*Assigned task*
Scan the material below for the word "vertical", then copy every line in which it appears.

*The records*
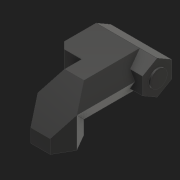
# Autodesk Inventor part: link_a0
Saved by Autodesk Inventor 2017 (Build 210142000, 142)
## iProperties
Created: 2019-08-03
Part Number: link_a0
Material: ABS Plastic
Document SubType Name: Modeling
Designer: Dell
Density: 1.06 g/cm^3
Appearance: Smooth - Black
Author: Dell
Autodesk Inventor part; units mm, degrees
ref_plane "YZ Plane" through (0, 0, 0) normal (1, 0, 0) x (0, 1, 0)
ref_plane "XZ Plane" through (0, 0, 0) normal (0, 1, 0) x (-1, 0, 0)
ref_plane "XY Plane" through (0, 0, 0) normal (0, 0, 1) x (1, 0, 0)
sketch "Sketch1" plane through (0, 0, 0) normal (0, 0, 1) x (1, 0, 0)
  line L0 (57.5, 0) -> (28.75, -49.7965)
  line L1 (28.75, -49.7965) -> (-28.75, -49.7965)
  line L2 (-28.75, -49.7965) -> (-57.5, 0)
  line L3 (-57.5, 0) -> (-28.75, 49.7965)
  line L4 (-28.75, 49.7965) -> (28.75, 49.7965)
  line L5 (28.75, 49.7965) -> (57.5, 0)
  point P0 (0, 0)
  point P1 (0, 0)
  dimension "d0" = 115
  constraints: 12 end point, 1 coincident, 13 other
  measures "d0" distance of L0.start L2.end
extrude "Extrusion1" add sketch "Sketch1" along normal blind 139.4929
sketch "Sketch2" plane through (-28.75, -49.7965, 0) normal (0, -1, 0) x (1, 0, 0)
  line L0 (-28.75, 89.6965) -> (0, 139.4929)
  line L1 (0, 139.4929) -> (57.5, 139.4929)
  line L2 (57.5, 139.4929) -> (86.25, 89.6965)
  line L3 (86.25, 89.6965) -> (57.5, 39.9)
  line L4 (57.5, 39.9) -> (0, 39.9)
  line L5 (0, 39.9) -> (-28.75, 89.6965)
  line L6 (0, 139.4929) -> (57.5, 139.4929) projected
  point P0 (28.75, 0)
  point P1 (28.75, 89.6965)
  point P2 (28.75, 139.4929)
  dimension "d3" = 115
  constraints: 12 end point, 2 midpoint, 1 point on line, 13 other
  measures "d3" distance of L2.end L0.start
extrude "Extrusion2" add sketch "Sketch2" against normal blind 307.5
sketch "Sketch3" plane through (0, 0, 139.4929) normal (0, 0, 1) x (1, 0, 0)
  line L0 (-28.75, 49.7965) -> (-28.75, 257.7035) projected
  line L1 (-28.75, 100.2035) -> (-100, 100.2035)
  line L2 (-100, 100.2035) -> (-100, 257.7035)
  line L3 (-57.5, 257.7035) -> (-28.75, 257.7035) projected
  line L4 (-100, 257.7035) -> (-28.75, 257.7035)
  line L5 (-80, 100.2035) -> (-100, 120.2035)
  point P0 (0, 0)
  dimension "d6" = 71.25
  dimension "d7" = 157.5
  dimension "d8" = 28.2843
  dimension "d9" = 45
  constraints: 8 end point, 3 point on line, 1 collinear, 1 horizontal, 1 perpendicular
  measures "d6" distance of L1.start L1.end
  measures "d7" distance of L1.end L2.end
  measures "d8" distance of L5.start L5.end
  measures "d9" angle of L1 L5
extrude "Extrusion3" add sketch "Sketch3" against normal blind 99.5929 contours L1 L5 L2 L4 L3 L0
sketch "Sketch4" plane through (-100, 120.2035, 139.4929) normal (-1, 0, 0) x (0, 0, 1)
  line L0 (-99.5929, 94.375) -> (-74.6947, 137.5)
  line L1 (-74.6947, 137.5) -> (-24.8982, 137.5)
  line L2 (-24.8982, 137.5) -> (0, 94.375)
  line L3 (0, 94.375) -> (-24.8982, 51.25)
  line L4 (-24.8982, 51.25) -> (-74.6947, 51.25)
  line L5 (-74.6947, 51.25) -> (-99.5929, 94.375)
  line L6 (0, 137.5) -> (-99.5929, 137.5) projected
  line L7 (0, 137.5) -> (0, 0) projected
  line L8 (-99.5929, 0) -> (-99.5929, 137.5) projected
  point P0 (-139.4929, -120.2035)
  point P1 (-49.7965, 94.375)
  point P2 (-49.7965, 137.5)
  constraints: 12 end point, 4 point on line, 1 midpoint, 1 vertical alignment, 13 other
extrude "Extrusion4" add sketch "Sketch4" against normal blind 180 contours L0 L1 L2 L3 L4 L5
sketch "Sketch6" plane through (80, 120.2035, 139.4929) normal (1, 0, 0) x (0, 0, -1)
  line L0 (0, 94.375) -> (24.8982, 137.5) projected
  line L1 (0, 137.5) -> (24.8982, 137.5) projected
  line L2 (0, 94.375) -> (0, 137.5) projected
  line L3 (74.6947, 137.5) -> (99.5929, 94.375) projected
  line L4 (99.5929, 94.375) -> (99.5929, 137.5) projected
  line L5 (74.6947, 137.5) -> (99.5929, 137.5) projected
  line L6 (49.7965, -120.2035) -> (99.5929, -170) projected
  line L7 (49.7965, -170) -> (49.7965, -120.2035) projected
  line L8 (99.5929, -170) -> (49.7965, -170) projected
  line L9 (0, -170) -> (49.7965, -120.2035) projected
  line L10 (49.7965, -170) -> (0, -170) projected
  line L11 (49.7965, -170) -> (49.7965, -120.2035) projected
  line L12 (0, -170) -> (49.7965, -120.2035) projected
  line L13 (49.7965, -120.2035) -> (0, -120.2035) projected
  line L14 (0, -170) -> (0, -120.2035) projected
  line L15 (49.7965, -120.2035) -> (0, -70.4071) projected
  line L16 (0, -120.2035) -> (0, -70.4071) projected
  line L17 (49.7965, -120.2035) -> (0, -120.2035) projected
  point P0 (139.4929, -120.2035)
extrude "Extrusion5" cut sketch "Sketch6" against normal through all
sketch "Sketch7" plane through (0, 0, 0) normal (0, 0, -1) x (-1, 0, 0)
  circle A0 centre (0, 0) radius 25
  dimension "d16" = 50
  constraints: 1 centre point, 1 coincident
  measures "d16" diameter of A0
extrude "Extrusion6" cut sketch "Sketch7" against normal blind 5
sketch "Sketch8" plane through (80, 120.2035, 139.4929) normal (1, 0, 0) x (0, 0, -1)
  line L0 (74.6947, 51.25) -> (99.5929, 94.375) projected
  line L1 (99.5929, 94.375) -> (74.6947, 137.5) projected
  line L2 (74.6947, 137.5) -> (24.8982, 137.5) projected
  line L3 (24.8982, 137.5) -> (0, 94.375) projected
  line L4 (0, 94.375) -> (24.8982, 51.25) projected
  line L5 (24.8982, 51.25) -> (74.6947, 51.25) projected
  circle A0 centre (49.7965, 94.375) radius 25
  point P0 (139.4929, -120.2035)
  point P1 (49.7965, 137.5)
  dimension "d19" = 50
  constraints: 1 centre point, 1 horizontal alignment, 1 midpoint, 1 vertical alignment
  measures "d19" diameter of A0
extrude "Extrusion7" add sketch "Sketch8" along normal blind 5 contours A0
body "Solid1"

*Response box*
  constraints: 12 end point, 4 point on line, 1 midpoint, 1 vertical alignment, 13 other
  constraints: 1 centre point, 1 horizontal alignment, 1 midpoint, 1 vertical alignment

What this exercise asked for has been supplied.